The field ".text" generates line breaks from the encoded "\n", that make 1 row become multiple rows, thus corrupting this row for latter processing.

---Full Answer code as answered by @peak

jq-linux64 -r '["ackId","data","senderPhoneNumber","eventType","eventId","messageId2","postbackData","text","sendTime","project_number","type","event_type","product","messageId","publishTime"], (.receivedMessages[] | [.ackId, .message.data, (.message.data|@base64d|fromjson|.senderPhoneNumber,.eventType,.eventId,.messageId,.postbackData,(.text | tostring | gsub("\n"; "|")),.sendTime),.message.attributes.project_number,.message.attributes.type,.message.attributes.event_type,.message.attributes.product,.message.messageId,.message.publishTime]) | @csv' <input.json >output.csv

Solution

  • Using the -r option with the @csv filter is intended to (and indeed in this case does) produce valid CSV according to the various CSV standards which allow embedded newlines within quoted string values.
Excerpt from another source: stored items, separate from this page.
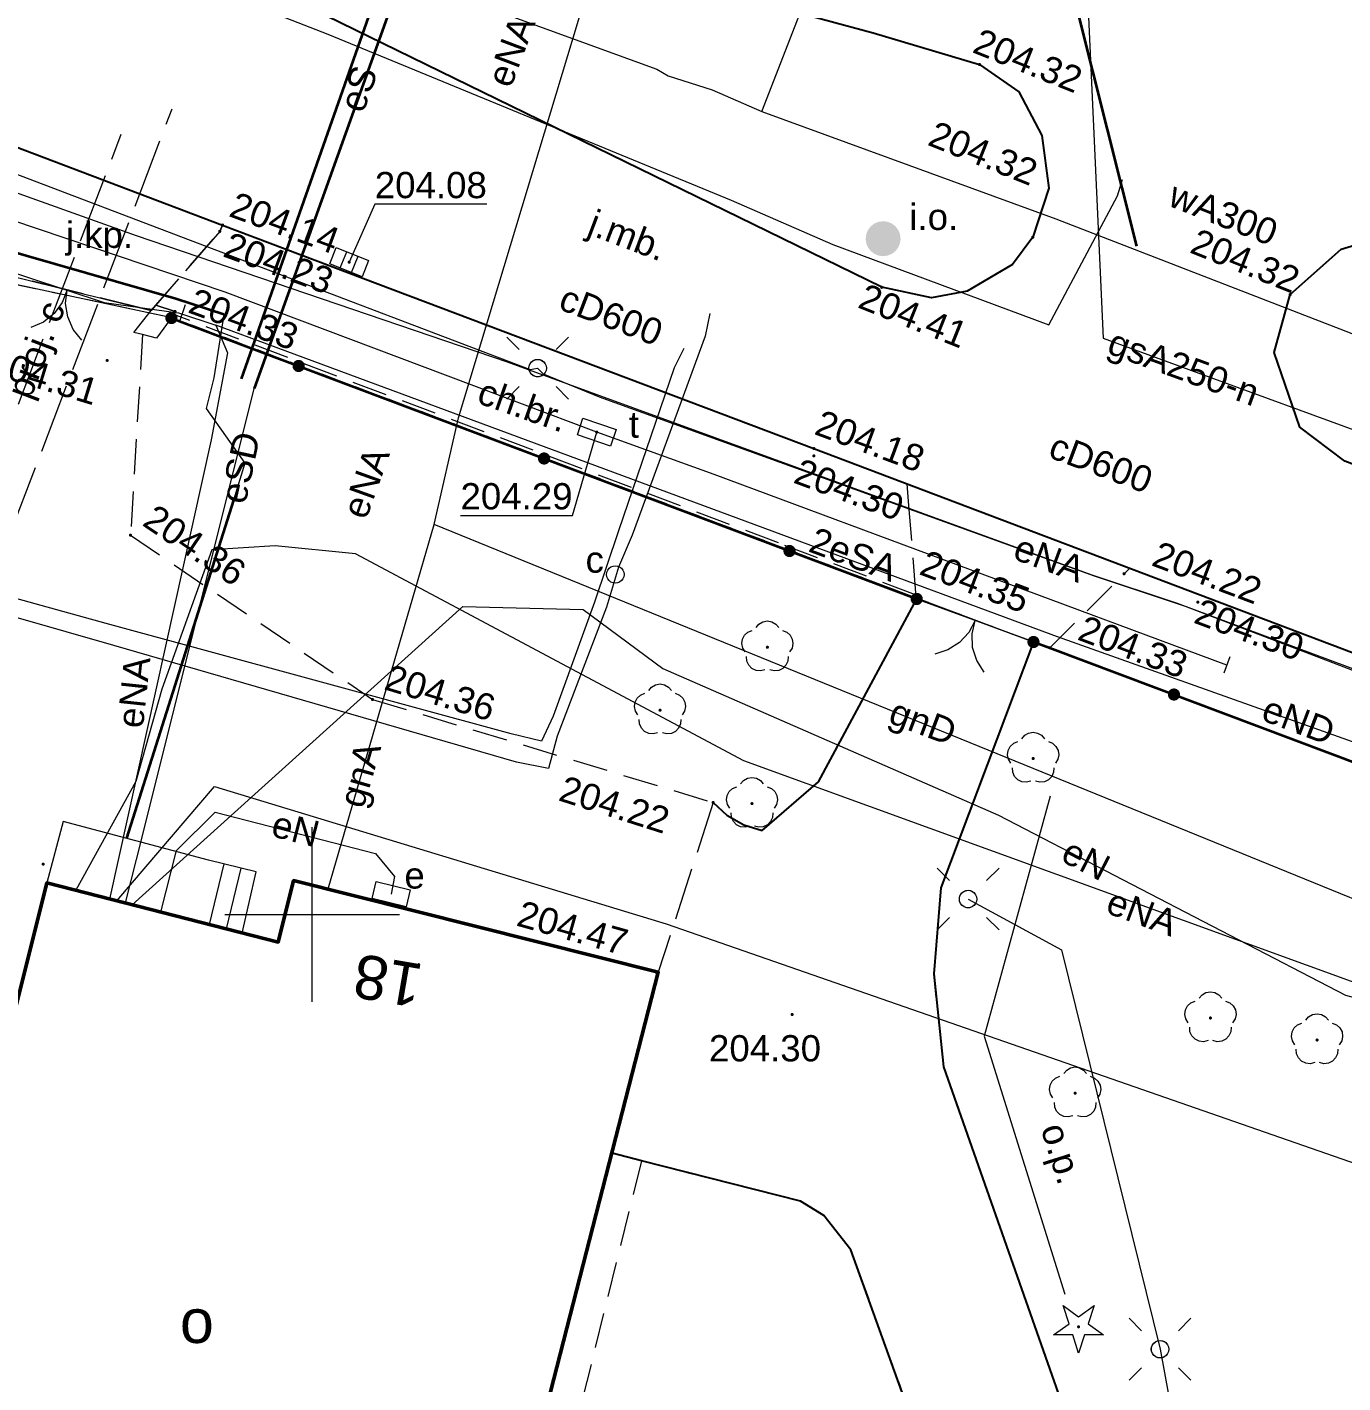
# Model space of a CAD drawing. Extents: x 0 to 7423283, y 0 to 5548300.
# Drawn here: x 7422291.85 to 7422329.48, y 5548236.61 to 5548275.37 of the extents above; entities that cross this region are included whole.
import ezdxf
from ezdxf.enums import TextEntityAlignment as Align

# ---------------------------------------------------------------- set-up
doc = ezdxf.new("R2010")
doc.units = 0
doc.header["$PDSIZE"] = 0.75
for name, pattern in [('PRZER1-1', [2, 1, -1]), ('PRZER2-1', [3, 2, -1]), ('PRZER3-1', [4, 3, -1]), ('PRZER4-1', [5, 4, -1])]:
    doc.linetypes.add(name, pattern=pattern)
doc.layers.get('0').update_dxf_attribs({"linetype": 'CONTINUOUS', "lineweight": 13})
for name, color, linetype, lineweight in [('BUIB04_02', 7, 'CONTINUOUS', 18), ('EGBC03', 7, 'CONTINUOUS', 18), ('EGBS10', 7, 'CONTINUOUS', 18), ('GEPADR', 7, 'CONTINUOUS', 18), ('GEPADR_O', 7, 'CONTINUOUS', 18), ('GSLKOC', 7, 'CONTINUOUS', 18), ('KTCR02', 7, 'PRZER2-1', 18), ('KTCR02_O', 7, 'PRZER2-1', 18), ('KTJZ01', 7, 'PRZER3-1', 18), ('KTJZ01_O', 7, 'PRZER3-1', 18), ('KTKR01', 7, 'CONTINUOUS', 25), ('KTOK02', 7, 'CONTINUOUS', 18), ('KTOK05_01', 7, 'CONTINUOUS', 35), ('RTPW02', 7, 'CONTINUOUS', 13), ('RTPW02_O', 7, 'CONTINUOUS', 13), ('SUSM', 7, 'CONTINUOUS', 18)]:
    doc.layers.add(name, color=color, linetype=linetype, lineweight=lineweight)
for name, color, linetype, lineweight, true_color in [('EGBB01', 7, 'CONTINUOUS', 50, 0x0a0909), ('EGBB01_O', 7, 'CONTINUOUS', 50, 0x0a0909), ('EGBD03', 7, 'CONTINUOUS', 18, 0x008000), ('EGBP04', 7, 'CONTINUOUS', 18, 0x008000), ('EGBU01', 7, 'PRZER1-1', 18, 0x008000), ('OBOO08_01', 7, 'CONTINUOUS', 13, 0x0a0909), ('OBOO08_01_O', 7, 'CONTINUOUS', 13, 0x0a0909), ('OBOP01', 7, 'CONTINUOUS', 18, 0x008000), ('OBOP02', 7, 'CONTINUOUS', 18, 0x008000), ('OBOP05_02', 7, 'CONTINUOUS', 18, 0x0a0909), ('OBOP05_02_O', 7, 'CONTINUOUS', 18, 0x0a0909), ('SUOP03', 1, 'CONTINUOUS', 35, 0xff0000), ('SUPC01', 7, 'CONTINUOUS', 18, 0xd200d2), ('SUPC01_O', 7, 'CONTINUOUS', 18, 0xd200d2), ('SUPC05', 7, 'CONTINUOUS', 18, 0xd200d2), ('SUPC05_O', 7, 'CONTINUOUS', 18, 0xd200d2), ('SUPE03', 1, 'CONTINUOUS', 18, 0xff0000), ('SUPE03_O', 1, 'CONTINUOUS', 18, 0xff0000), ('SUPE04', 1, 'CONTINUOUS', 18, 0xff0000), ('SUPE04_O', 1, 'CONTINUOUS', 18, 0xff0000), ('SUPG03', 7, 'CONTINUOUS', 18, 0xbfbf00), ('SUPG03_O', 7, 'CONTINUOUS', 18, 0xbfbf00), ('SUPG04', 7, 'CONTINUOUS', 18, 0xbfbf00), ('SUPG04_O', 7, 'CONTINUOUS', 18, 0xbfbf00), ('SUPK03', 7, 'CONTINUOUS', 18, 0x803300), ('SUPT01', 7, 'CONTINUOUS', 18, 0xff9100), ('SUPW03', 5, 'CONTINUOUS', 18, 0x0000ff), ('SUPW03_O', 5, 'CONTINUOUS', 18, 0x0000ff), ('SUUS05', 7, 'CONTINUOUS', 18, 0x0a0909), ('SUUS15', 7, 'CONTINUOUS', 18, 0xff9100), ('SUUS15_O', 7, 'CONTINUOUS', 18, 0xff9100), ('SUUS18_01', 7, 'CONTINUOUS', 18, 0x0a0909), ('SUUS18_01_O', 7, 'CONTINUOUS', 18, 0x0a0909), ('SUXX_01', 7, 'CONTINUOUS', 18, 0x0a0909)]:
    doc.layers.add(name, color=color, linetype=linetype, lineweight=lineweight, true_color=true_color)
for name, color, linetype, true_color in [('SUPS01_05', 7, 'CONTINUOUS', 0x803300), ('SUPS01_05_O', 7, 'CONTINUOUS', 0x803300), ('SUPS01_07', 7, 'CONTINUOUS', 0xff9100), ('SUPS01_07_O', 7, 'CONTINUOUS', 0xff9100)]:
    doc.layers.add(name, color=color, linetype=linetype, true_color=true_color)
doc.styles.add('GEO-INFO', font='Arial')

# ---------------------------------------------------------------- blocks, each defined once
blk = doc.blocks.new('EPPGN')
blk.add_hatch(color=0).paths.add_polyline_path([(-0.09, 0), (-0.085595, -0.027812), (-0.072812, -0.052901), (-0.052901, -0.072812), (-0.027812, -0.085595), (0, -0.09), (0.027812, -0.085595), (0.052901, -0.072812), (0.072812, -0.052901), (0.085595, -0.027812), (0.09, 0), (0.085595, 0.027812), (0.072812, 0.052901), (0.052901, 0.072812), (0.027812, 0.085595), (0, 0.09), (-0.027812, 0.085595), (-0.052901, 0.072812), (-0.072812, 0.052901), (-0.085595, 0.027812)])
blk = doc.blocks.new('KOLO')
blk.add_hatch(color=0).paths.add_polyline_path([(0, 0.5), (-0.12941, 0.482963), (-0.25, 0.433013), (-0.353553, 0.353553), (-0.433013, 0.25), (-0.482963, 0.12941), (-0.5, 0), (-0.482963, -0.12941), (-0.433013, -0.25), (-0.353553, -0.353553), (-0.25, -0.433013), (-0.12941, -0.482963), (0, -0.5), (0.12941, -0.482963), (0.25, -0.433013), (0.353553, -0.353553), (0.433013, -0.25), (0.482963, -0.12941), (0.5, 0), (0.482963, 0.12941), (0.433013, 0.25), (0.353553, 0.353553), (0.25, 0.433013), (0.12941, 0.482963)])
blk = doc.blocks.new('OKRAG_PELNY')
at = {"color": 0}
blk.add_lwpolyline([(0.5, 0), (0.482963, -0.12941), (0.433013, -0.25), (0.353553, -0.353553), (0.25, -0.433013), (0.12941, -0.482963), (0, -0.5), (-0.12941, -0.482963), (-0.25, -0.433013), (-0.353553, -0.353553), (-0.433013, -0.25), (-0.482963, -0.12941), (-0.5, 0), (-0.482963, 0.12941), (-0.433013, 0.25), (-0.353553, 0.353553), (-0.25, 0.433013), (-0.12941, 0.482963), (0, 0.5), (0.12941, 0.482963), (0.25, 0.433013), (0.353553, 0.353553), (0.433013, 0.25), (0.482963, 0.12941)], close=True, dxfattribs=at)
blk = doc.blocks.new('SUSM01_01')
at = {"color": 0}
for points in [[(-0.353553, 0.353553), (-0.212132, 0.212132)], [(0.353553, 0.353553), (0.212132, 0.212132)], [(-0.353553, -0.353553), (-0.212132, -0.212132)], [(0.353553, -0.353553), (0.212132, -0.212132)]]:
    blk.add_lwpolyline(points, dxfattribs=at)
blk.add_lwpolyline([(0.1, 0), (0.093969, -0.034202), (0.076604, -0.064279), (0.05, -0.086603), (0.025882, -0.096593), (0, -0.1), (-0.025882, -0.096593), (-0.05, -0.086603), (-0.073305, -0.068017), (-0.090097, -0.043388), (-0.098883, -0.014904), (-0.098883, 0.014904), (-0.090097, 0.043388), (-0.073305, 0.068017), (-0.05, 0.086603), (-0.022252, 0.097493), (0.007473, 0.09972), (0.036534, 0.093087), (0.062349, 0.078183), (0.082624, 0.056332), (0.095557, 0.029476)], close=True, dxfattribs=at)
blk = doc.blocks.new('POINT')
at = {"color": 0}
blk.add_point((0, 0), dxfattribs=at)
blk = doc.blocks.new('SPDIP')
blk.add_hatch(color=0).paths.add_polyline_path([(-0.09, 0), (-0.085595, -0.027812), (-0.072812, -0.052901), (-0.052901, -0.072812), (-0.027812, -0.085595), (0, -0.09), (0.027812, -0.085595), (0.052901, -0.072812), (0.072812, -0.052901), (0.085595, -0.027812), (0.09, 0), (0.085595, 0.027812), (0.072812, 0.052901), (0.052901, 0.072812), (0.027812, 0.085595), (0, 0.09), (-0.027812, 0.085595), (-0.052901, 0.072812), (-0.072812, 0.052901), (-0.085595, 0.027812)])
at = {"color": 0}
blk.add_lwpolyline([(0.177062, -0.544942), (-0.463555, -1.426676), (-0.463555, -0.336792), (-1.500096, 0), (-0.463555, 0.336792), (-0.463555, 1.426676), (0.177062, 0.544942), (1.213603, 0.881734), (0.572986, 0), (1.213603, -0.881734)], close=True, dxfattribs=at)
blk = doc.blocks.new('SPDLP')
blk.add_hatch(color=0).paths.add_polyline_path([(-0.09, 0), (-0.085595, -0.027812), (-0.072812, -0.052901), (-0.052901, -0.072812), (-0.027812, -0.085595), (0, -0.09), (0.027812, -0.085595), (0.052901, -0.072812), (0.072812, -0.052901), (0.085595, -0.027812), (0.09, 0), (0.085595, 0.027812), (0.072812, 0.052901), (0.052901, 0.072812), (0.027812, 0.085595), (0, 0.09), (-0.027812, 0.085595), (-0.052901, 0.072812), (-0.072812, 0.052901), (-0.085595, 0.027812)])
at = {"color": 0}
for points in [[(-1.292703, 0.137547), (-1.355024, 0.389802), (-1.327532, 0.648184), (-1.213525, 0.881678), (-1.026689, 1.062258), (-0.78945, 1.168249), (-0.530282, 1.186929)], [(-0.268652, 1.271938), (-0.048001, 1.40916), (0.20623, 1.462858), (0.463525, 1.426585), (0.693003, 1.304695), (0.867117, 1.11182), (0.964971, 0.871109)], [(1.126667, 0.648554), (1.325358, 0.481106), (1.454989, 0.255912), (1.5, 0), (1.454989, -0.255912), (1.325358, -0.481106), (1.126667, -0.648554)], [(-0.530282, -1.186929), (-0.78945, -1.168249), (-1.026689, -1.062258), (-1.213525, -0.881678), (-1.327532, -0.648184), (-1.355024, -0.389802), (-1.292703, -0.137547)], [(0.964971, -0.871109), (0.867117, -1.11182), (0.693003, -1.304695), (0.463525, -1.426585), (0.20623, -1.462858), (-0.048001, -1.40916), (-0.268652, -1.271938)]]:
    blk.add_lwpolyline(points, dxfattribs=at)
blk = doc.blocks.new('PROSTOKAT2-1_PELNY')
at = {"color": 0}
blk.add_lwpolyline([(1, 0.5), (1, -0.5), (-1, -0.5), (-1, 0.5)], close=True, dxfattribs=at)
blk = doc.blocks.new('SUUS05')
at = {"color": 0}
blk.add_lwpolyline([(0.5, -0.25), (-0.5, -0.25), (-0.5, 0.25), (0.5, 0.25)], close=True, dxfattribs=at)
for points in [[(-0.175, -0.25), (-0.175, 0.25)], [(0.175, -0.25), (0.175, 0.25)]]:
    blk.add_lwpolyline(points, dxfattribs=at)
blk = doc.blocks.new('SZAFA1')
at = {"color": 0}
blk.add_lwpolyline([(-1, -0.5), (-1, 0.5), (1, 0.5), (1, -0.5)], close=True, dxfattribs=at)
blk = doc.blocks.new('PION_C')
at = {"color": 0}
blk.add_lwpolyline([(0, 0.5), (0, -0.5)], dxfattribs=at)
blk = doc.blocks.new('SLBRA')
at = {"color": 0}
for points in [[(0, 0), (-0.068148, -0.517638), (-0.267949, -1), (-0.585786, -1.414214), (-1, -1.732051)], [(1, -1.732051), (0.585786, -1.414214), (0.267949, -1), (0.068148, -0.517638), (0, 0)]]:
    blk.add_lwpolyline(points, dxfattribs=at)

msp = doc.modelspace()

# ---------------------------------------------------------------- linework, layer by layer
at = {"color": 7, "linetype": 'Continuous', "lineweight": 13, "elevation": 100, "flags": 128}
for points in [[(7422300, 5548247.5), (7422300, 5548252.5)], [(7422297.5, 5548250), (7422302.5, 5548250)]]:
    msp.add_lwpolyline(points, dxfattribs=at)
at = {"layer": 'BUIB04_02', "color": 7, "linetype": 'Continuous', "lineweight": 18, "elevation": 10.18}
msp.add_lwpolyline([(7422295.4, 5548267.27), (7422295.53, 5548267.42), (7422296.08, 5548267.24), (7422296.05, 5548267.15), (7422295.55, 5548266.48), (7422295.15, 5548266.58), (7422294.9, 5548266.64)], close=True, dxfattribs=at)
at = {"layer": 'EGBB01', "color": 18, "linetype": 'Continuous', "lineweight": 50, "true_color": 0x0a0909, "elevation": 10.26}
msp.add_lwpolyline([(7422306.26, 5548234.16), (7422309.9, 5548248.35), (7422299.47, 5548250.97), (7422299.03, 5548249.21), (7422292.41, 5548250.9), (7422289.98, 5548241.21), (7422270.8, 5548246.24), (7422271.29, 5548248.19), (7422267.33, 5548249.22), (7422266.83, 5548247.22), (7422260.38, 5548248.91)], dxfattribs=at)
at = {"layer": 'EGBC03', "color": 7, "linetype": 'Continuous', "lineweight": 18, "elevation": 10.26}
msp.add_lwpolyline([(7422306.26, 5548234.16), (7422309.9, 5548248.35), (7422299.47, 5548250.97), (7422299.03, 5548249.21), (7422292.41, 5548250.9), (7422289.98, 5548241.21), (7422270.8, 5548246.24), (7422266.83, 5548247.22), (7422260.38, 5548248.91)], dxfattribs=at)
at = {"layer": 'EGBD03', "color": 96, "linetype": 'Continuous', "lineweight": 18, "true_color": 0x008000, "elevation": 10.3}
msp.add_lwpolyline([(7422255.35, 5548278.49), (7422248.49, 5548253.1), (7422240.39, 5548223.47), (7422232.19, 5548193.55), (7422247.5, 5548189.15), (7422282.6, 5548180.41), (7422301.87, 5548175.57), (7422312.62, 5548173.61), (7422317.43, 5548172.74), (7422345.7, 5548248.35), (7422295.99, 5548267.06), (7422289.86, 5548268.36), (7422265.15, 5548275.67)], close=True, dxfattribs=at)
at = {"layer": 'EGBS10', "color": 7, "linetype": 'Continuous', "lineweight": 18, "elevation": 10.26}
msp.add_lwpolyline([(7422298, 5548249.47), (7422298.4, 5548251.22), (7422297.04, 5548251.55), (7422292.88, 5548252.66), (7422292.41, 5548250.9)], close=True, dxfattribs=at)
at = {"layer": 'EGBS10', "color": 7, "linetype": 'Continuous', "lineweight": 18, "elevation": 10.26, "flags": 128}
for points in [[(7422297.477, 5548251.444), (7422297.057, 5548249.711)], [(7422297.963, 5548251.326), (7422297.541, 5548249.587)]]:
    msp.add_lwpolyline(points, dxfattribs=at)
at = {"layer": 'EGBU01', "color": 7, "linetype": 'Continuous', "lineweight": 18, "elevation": 10.17}
msp.add_lwpolyline([(7422337.27, 5548225.81), (7422345.7, 5548248.35), (7422295.99, 5548267.06), (7422289.86, 5548268.36), (7422265.15, 5548275.67), (7422255.35, 5548278.49), (7422248.49, 5548253.1), (7422240.39, 5548223.47), (7422232.19, 5548193.55), (7422247.5, 5548189.15), (7422282.6, 5548180.41), (7422301.87, 5548175.57), (7422312.62, 5548173.61), (7422317.43, 5548172.74)], close=True, dxfattribs=at)
at = {"layer": 'EGBU01', "color": 96, "linetype": 'PRZER1-1', "lineweight": 18, "ltscale": 0.5, "true_color": 0x008000, "elevation": 10.18}
msp.add_lwpolyline([(7422337.27, 5548225.81), (7422345.7, 5548248.35), (7422295.99, 5548267.06), (7422289.86, 5548268.36), (7422265.15, 5548275.67), (7422255.35, 5548278.49), (7422248.49, 5548253.1), (7422240.39, 5548223.47), (7422232.19, 5548193.55), (7422247.5, 5548189.15), (7422282.6, 5548180.41), (7422301.87, 5548175.57), (7422312.62, 5548173.61), (7422317.43, 5548172.74)], close=True, dxfattribs=at)
at = {"layer": 'GSLKOC', "color": 7, "linetype": 'PRZER2-1', "lineweight": 18, "ltscale": 0.5, "elevation": 10.18}
for points in [[(7422295.15, 5548266.58), (7422294.81, 5548260.84), (7422301.73, 5548256.15), (7422311.47, 5548253.2)], [(7422309.42, 5548242.96), (7422307.4, 5548234.81), (7422310.98, 5548233.85), (7422310.55, 5548232.11), (7422319.191, 5548229.907)]]:
    msp.add_lwpolyline(points, dxfattribs=at)
at = {"layer": 'KTCR02', "color": 7, "linetype": 'PRZER2-1', "lineweight": 18, "ltscale": 0.5, "elevation": 10.18}
for points in [[(7422295.53, 5548267.42), (7422297.36, 5548269.53), (7422297.44, 5548269.71), (7422314.35, 5548263.32), (7422317.011, 5548262.313), (7422317.06, 5548261.69), (7422317.26, 5548259.14), (7422313.34, 5548260.62), (7422296.05, 5548267.15), (7422296.08, 5548267.24)], [(7422321.1, 5548257.62), (7422323.22, 5548259.74), (7422323.381, 5548259.901), (7422341.4, 5548253.08), (7422356.43, 5548247.36), (7422356.39, 5548247.18), (7422356.76, 5548244.27), (7422339.07, 5548250.97), (7422339.04, 5548250.88)]]:
    msp.add_lwpolyline(points, close=True, dxfattribs=at)
at = {"layer": 'KTJZ01', "color": 7, "linetype": 'PRZER3-1', "lineweight": 18, "ltscale": 0.5, "elevation": 10.18}
for points in [[(7422296.73, 5548277.49), (7422296.02, 5548278.06), (7422295.72, 5548278.83), (7422295.85, 5548279.56), (7422296.46, 5548280.19), (7422297.31, 5548280.44), (7422303.36, 5548278.64), (7422306.96, 5548277.66), (7422316.05, 5548275.21), (7422319.09, 5548274.3), (7422320.21, 5548273.52), (7422320.87, 5548272.27), (7422321.07, 5548270.76), (7422320.61, 5548269.36), (7422320.03, 5548268.58), (7422318.73, 5548267.82), (7422317.71, 5548267.63), (7422316.29, 5548267.93)], [(7422290.59, 5548268.45), (7422290.64, 5548268.77), (7422290.4, 5548272.16), (7422290.47, 5548272.35), (7422297.44, 5548269.71), (7422297.36, 5548269.53), (7422295.53, 5548267.42), (7422295.4, 5548267.27)], [(7422329.53, 5548262.96), (7422328.25, 5548263.93), (7422327.51, 5548266.07), (7422327.97, 5548267.72), (7422329.43, 5548269.02), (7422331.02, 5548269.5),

    Thus the problem you seem to be facing is that the program which you are using to ingest the CSV does not accept embedded newlines within double-quoted fields.

    The simplest workaround may therefore be to "encode" the newline characters in a way that will be acceptable to both you and the other program.

    For example, you could encode the newlines as pipe ("|") symbols using the jq filter:

    gsub("\n"; "|")
    

    Assuming "text" is a string-valued field which might contain embedded newlines, you would replace .text with

    (.text | gsub("\n"; "|"))
    

    If the value of .text might be null, then you will have to decide how you want to handle nulls. (One possibility would be: .text | tostring | gsub("\n";"|").)

    If you want the transformation to apply to all of the string fields, then replace | @csv by something like:

    | map(if type == "string" then gsub("\n"; "|") else . end)
    | @csv
    

    https://www.rfc-editor.org/rfc/rfc4180

    Fields containing line breaks (CRLF), double quotes, and commas should be enclosed in double-quotes.